Then there was technical issues. Whatever. The channels will be here when they're here. 
I wish people would stop being such cry babies. Of all the issues in life, of all the things that matter like family and friends, it just boggles my mind when people get so pissy over TV of all things. It's just so trivial.


----------



## Suomi

archer75 said:


> Then there was technical issues. Whatever. The channels will be here when they're here.
> I wish people would stop being such cry babies. Of all the issues in life, of all the things that matter like family and friends, it just boggles my mind when people get so pissy over TV of all things. It's just so trivial.
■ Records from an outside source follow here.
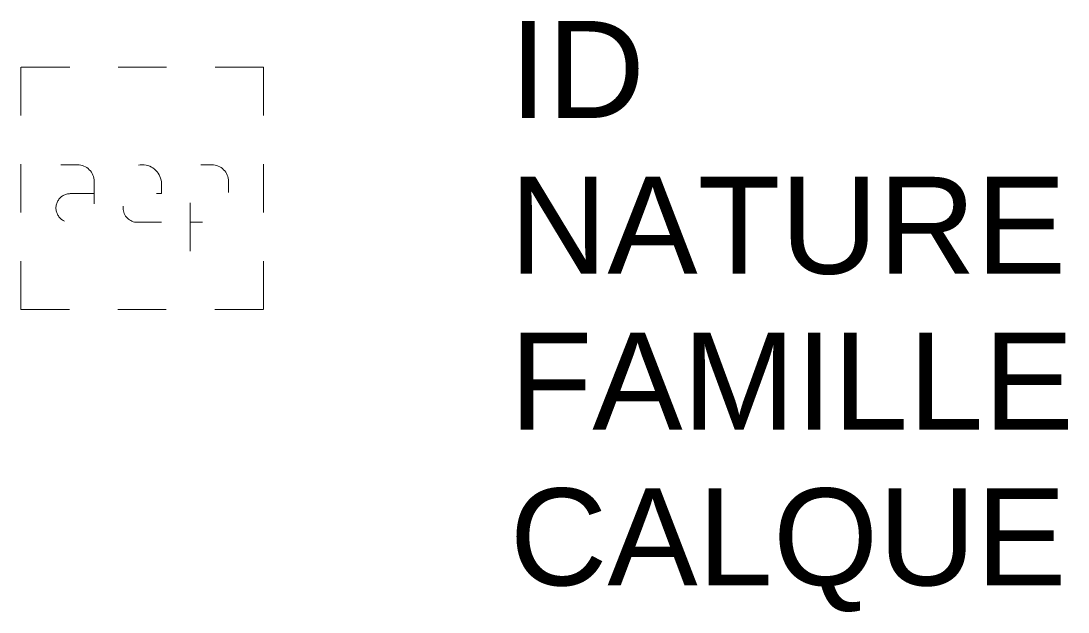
# Model space of a CAD drawing. Header units: metres. Extents: x 3100.8 to 3102.96, y 1903.38 to 1904.6.
import ezdxf

# ---------------------------------------------------------------- set-up
doc = ezdxf.new("R2010")
doc.units = ezdxf.units.M
doc.linetypes.add('Socle_Continu', pattern=[2.5, 2.5, 0])
doc.linetypes.add('Socle_Discontinu', pattern=[0.075, 0.05, -0.025])
doc.layers.add('EAUPO_SCT', color=140, linetype='Socle_Continu', lineweight=13)
doc.styles.get("Standard").update_dxf_attribs({"font": 'arial.ttf'})

msp = doc.modelspace()

# ---------------------------------------------------------------- linework, layer by layer
at = {"layer": 'EAUPO_SCT', "linetype": 'Socle_Discontinu'}
msp.add_lwpolyline([(3100.7989, 1904.0034), (3101.2995, 1904.0034), (3101.2995, 1904.5034), (3100.7989, 1904.5034)], close=True, dxfattribs=at)
at = {"layer": 'EAUPO_SCT', "linetype": 'Socle_Discontinu', "flags": 128}
for points in [[(3100.9156, 1904.302, -0.408207), (3100.9502, 1904.2672), (3100.9502, 1904.1832), (3100.9008, 1904.1832, -1.002527), (3100.9008, 1904.2423)], [(3101.0889, 1904.1832), (3101.0395, 1904.1832, -0.408864), (3101.0097, 1904.2127), (3101.0097, 1904.2624, -0.99952), (3101.0889, 1904.2624), (3101.0889, 1904.2426), (3101.0097, 1904.2426)], [(3101.1483, 1904.1237), (3101.1483, 1904.302), (3101.1927, 1904.302, -0.410969), (3101.2275, 1904.2672), (3101.2275, 1904.2178, -0.406349), (3101.1927, 1904.1832), (3101.1483, 1904.1832)]]:
    msp.add_lwpolyline(points, format="xyb", dxfattribs=at)
for points in [[(3100.881, 1904.302), (3100.9156, 1904.3018)], [(3100.9502, 1904.2426), (3100.9008, 1904.2426)]]:
    msp.add_lwpolyline(points, dxfattribs=at)

# ---------------------------------------------------------------- texts
at = {"layer": 'EAUPO_SCT', "linetype": 'Socle_Discontinu', "flags": 9}
for tag, p, s in [('ID', (3101.8074, 1904.3984), 'AP_0044'), ('NATURE', (3101.8074, 1904.0771), 'Chambre rectangulaire'), ('FAMILLE', (3101.8074, 1903.7558), 'Eau potable'), ('CALQUE', (3101.8074, 1903.4346), 'EAUPO_SCT')]:
    msp.add_attdef(tag, p, s, height=0.2, dxfattribs=at)

doc.saveas('drawing.dxf')

Sure it's trivial, but we pay good money for the service. As such, we're allowed to be a bit bothered by practices of this nature.


----------



## festivus

I don't understand the lack of simple communication (website?) and knowledge by CSRs. Just give us the freakin' reason! It's not a national security secret, is it? We CAN handle the truth!


----------



## inazsully

archer75 said:


> Then there was technical issues. Whatever. The channels will be here when they're here.
> I wish people would stop being such cry babies. Of all the issues in life, of all the things that matter like family and friends, it just boggles my mind when people get so pissy over TV of all things. It's just so trivial.


Whatever, is the point. You are reading and responding to a thread, on a TV oriented forum, about TV of all things. It boggles my mind that you would complain about people complaining on a forum that is mostly about people complaining about TV of all things. Family and friend issues probably won't be discussed a whole lot here.


----------



## archer75

inazsully said:


> Whatever, is the point. You are reading and responding to a thread, on a TV oriented forum, about TV of all things. It boggles my mind that you would complain about people complaining on a forum that is mostly about people complaining about TV of all things. Family and friend issues probably won't be discussed a whole lot here.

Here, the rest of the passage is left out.